It's hard enough to be on the absolute cutting edge of any field. For me, that field is AI, specifically computer vision. We (Electrical Engineering) were asked to participate in D3EM to bring the D (data-driven) piece to the program. We bring the informatics. We bring the advanced algorithmic methodologies, the models, the nuts and bolts of what most refer to in a hand-wavy fashion as "AI." There are legs to that. We bring the legs.
This field does not move slowly. It advances by light years at almost every conference throughout the year. Things that are relatively new in "normal time" are centuries old in machine learning world. Take, for instance, Generative Adversarial Networks (GANs). Most people are just now starting to hear about them and the impressive generation capabilities they bring to the fight. In the CV world, a GAN is already a time-tested and true concept. Most people that work in the CV field can't image life without them. Hundreds, if not thousands, of flavors of GANs have been proposed since Ian Goodfellow proposed the first GAN at NIPS in 2014. They are capable of generating all sorts of data, approximating all sorts of distributions. For context, MLPs (neural networks) are nonlinear function approximations - thats why they're so attractive to almost every field, you can just pump data in and get a black box that learns and will tell you the patterns, and classify or regress new points with no a-priori knowledge about the original model. GANs did that for data generation - generating approximated samples from functions, images, time series data like videos and audio, all of it. GANs are evolving at light speed, they have come so far its impossible to fully wrap your head around all of it. And the first one was proposed 6 years ago. 6 years. And there have been thousands of publications mentioning GANs, proposing new ones or improving them in some capacity.

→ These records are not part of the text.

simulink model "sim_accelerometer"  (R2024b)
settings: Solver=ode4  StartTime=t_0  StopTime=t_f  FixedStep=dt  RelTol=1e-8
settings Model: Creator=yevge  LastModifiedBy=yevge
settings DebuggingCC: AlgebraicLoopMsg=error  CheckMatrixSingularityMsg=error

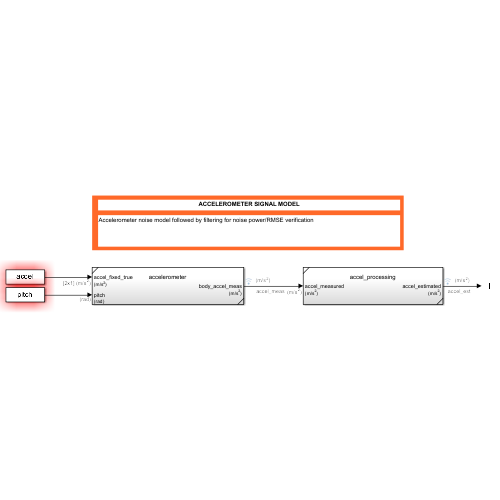
[thumbnail: Simulink's stored preview of the top-level diagram]
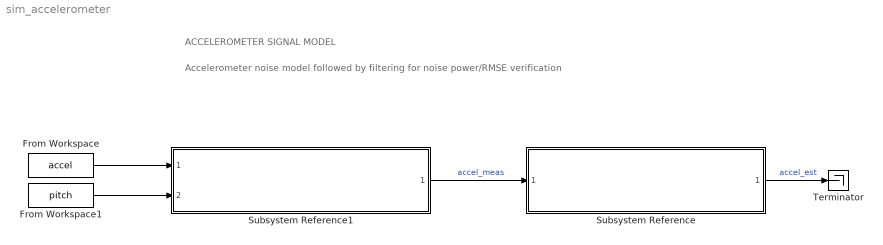
== system sim_accelerometer ==
  note: ACCELEROMETER SIGNAL MODEL
  note: Accelerometer noise model followed by filtering for noise power/RMSE verification
  From Workspace : FromWorkspace  VariableName=accel
  From Workspace1 : FromWorkspace  VariableName=pitch
  Subsystem Reference : Subsystem  ReferencedSubsystem=accel_processing
  Subsystem Reference1 : Subsystem  ReferencedSubsystem=accelerometer
  Terminator : Terminator
  wires:
  Subsystem Reference1/1 -> Subsystem Reference/1  "accel_meas"
  Subsystem Reference/1 -> Terminator/1  "accel_est"
  From Workspace/1 -> Subsystem Reference1/1
  From Workspace1/1 -> Subsystem Reference1/2

Let that sink in, a term that was created 6 years ago has 301m hits on a google search. For context, MRI has 100m, particle physics has 182m, and relativity has 28m. In 6 years, this one concept has surpassed the volume of information (loosely interpreted, obviously) as fields that have existed for decades and changed the face of science. In 6 years.
Don't blink, you'll miss it.
As described above, Deep Learning is advancing at a breakneck pace. It takes one's full, 100% engagement to keep ahead of that field, less enough make contributions. If you take your eye off that ball, for even a second, you're going to miss something - probably something important. You won't be thinking about the problems that the DL community is facing and how to fix them. You won't see the new optimizer or algorithm when it comes out, one that all your peers are discussing at the "water cooler." You're now late to the party.
So, why would you take your eye off the ball? Why would you stop building and testing models, and keeping ahead of the literature as it comes out?
Maybe to look at another target. One that's completely unrelated.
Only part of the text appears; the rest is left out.